# Applying for UK passport



## purplepeak (Jan 31, 2012)

We're about to apply for a passport for our son (conceived abroad with donor sperm IVF) and notice on the gov.uk site that 

"There are special rules about your child’s nationality if they were born through assisted reproduction.

You will need to provide proof:

that your child has a claim to British nationality
that you have the parental responsibility to apply for a passport on their behalf
of the identity of you and your child"

Does this really apply to all cases of assisted reproduction? I imagine they are thinking of surrogacy but that isn't really what it seems to say. Has anyone been through this? Any advice?
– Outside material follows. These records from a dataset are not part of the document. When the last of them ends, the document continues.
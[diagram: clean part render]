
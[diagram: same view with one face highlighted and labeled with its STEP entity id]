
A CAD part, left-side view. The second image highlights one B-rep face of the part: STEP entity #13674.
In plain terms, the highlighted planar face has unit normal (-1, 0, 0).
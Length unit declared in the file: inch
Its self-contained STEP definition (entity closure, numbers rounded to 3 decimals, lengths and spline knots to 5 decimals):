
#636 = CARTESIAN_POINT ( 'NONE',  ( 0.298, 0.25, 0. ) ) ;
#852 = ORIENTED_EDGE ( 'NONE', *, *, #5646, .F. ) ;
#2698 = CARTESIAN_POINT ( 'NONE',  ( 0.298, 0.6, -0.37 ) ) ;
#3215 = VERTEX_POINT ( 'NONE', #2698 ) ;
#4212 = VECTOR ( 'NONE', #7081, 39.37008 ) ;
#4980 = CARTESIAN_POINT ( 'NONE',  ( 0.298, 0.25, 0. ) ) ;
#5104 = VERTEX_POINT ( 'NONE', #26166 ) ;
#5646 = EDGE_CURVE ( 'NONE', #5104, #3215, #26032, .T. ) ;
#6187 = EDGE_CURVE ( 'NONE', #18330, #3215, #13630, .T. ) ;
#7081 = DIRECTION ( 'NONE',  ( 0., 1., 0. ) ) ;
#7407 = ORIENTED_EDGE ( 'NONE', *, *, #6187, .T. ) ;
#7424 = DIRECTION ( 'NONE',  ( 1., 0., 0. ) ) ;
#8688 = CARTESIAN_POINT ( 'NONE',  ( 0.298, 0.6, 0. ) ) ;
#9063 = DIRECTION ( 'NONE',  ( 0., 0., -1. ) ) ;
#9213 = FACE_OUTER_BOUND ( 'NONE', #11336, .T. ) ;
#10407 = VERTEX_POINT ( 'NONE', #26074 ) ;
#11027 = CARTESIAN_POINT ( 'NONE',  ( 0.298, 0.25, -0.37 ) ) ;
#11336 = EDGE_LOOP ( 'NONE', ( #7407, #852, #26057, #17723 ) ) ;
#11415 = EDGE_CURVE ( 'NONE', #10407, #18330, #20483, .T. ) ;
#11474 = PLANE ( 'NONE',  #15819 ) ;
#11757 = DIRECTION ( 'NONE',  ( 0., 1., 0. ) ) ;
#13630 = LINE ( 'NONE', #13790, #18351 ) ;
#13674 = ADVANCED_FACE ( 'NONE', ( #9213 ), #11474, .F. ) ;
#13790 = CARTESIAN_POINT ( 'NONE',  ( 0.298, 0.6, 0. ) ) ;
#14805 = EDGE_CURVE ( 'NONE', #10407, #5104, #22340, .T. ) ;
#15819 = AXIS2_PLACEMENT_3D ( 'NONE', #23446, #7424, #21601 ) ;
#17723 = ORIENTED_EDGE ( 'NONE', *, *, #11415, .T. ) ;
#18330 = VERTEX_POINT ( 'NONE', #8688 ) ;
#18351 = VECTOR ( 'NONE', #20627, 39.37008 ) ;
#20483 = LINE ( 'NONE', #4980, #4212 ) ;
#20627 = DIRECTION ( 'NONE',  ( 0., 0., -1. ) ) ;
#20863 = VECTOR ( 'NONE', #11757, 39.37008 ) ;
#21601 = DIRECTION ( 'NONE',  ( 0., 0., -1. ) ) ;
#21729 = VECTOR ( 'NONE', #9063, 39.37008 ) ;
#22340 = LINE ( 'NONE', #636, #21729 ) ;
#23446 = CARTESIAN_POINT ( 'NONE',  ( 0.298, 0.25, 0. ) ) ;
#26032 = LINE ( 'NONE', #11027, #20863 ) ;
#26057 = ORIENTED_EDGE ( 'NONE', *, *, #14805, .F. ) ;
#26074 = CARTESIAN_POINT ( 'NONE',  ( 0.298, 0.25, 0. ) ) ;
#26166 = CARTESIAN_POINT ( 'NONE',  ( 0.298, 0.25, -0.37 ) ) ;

Thanks!


----------



## staceysm (Nov 18, 2010)

Hi,

This was asked a while back and I think that it is related more to surrogacy.  I never put anything on my boys passports.

X


----------



## purplepeak (Jan 31, 2012)

Thank you Stacey! Somebody else just pointed me to this webpage, which backs up what you're saying

https://oliviasview.wordpress.com/2013/01/16/passport-office-mistake-turns-parents-hair-grey/

xx

/links


----------



## nevertoolate (Jul 15, 2015)

Hi
I noticed on the dcn website that they raised this issue with that government department and the posted the update. I find this annoying as.what happens if a child is born not through off when the mum does not have all the dads details?. They are not asked any  Further questions.


----------



## daisyg (Jan 7, 2004)

Dreaming,

It ONLY applies to surrogacy.
D x


----------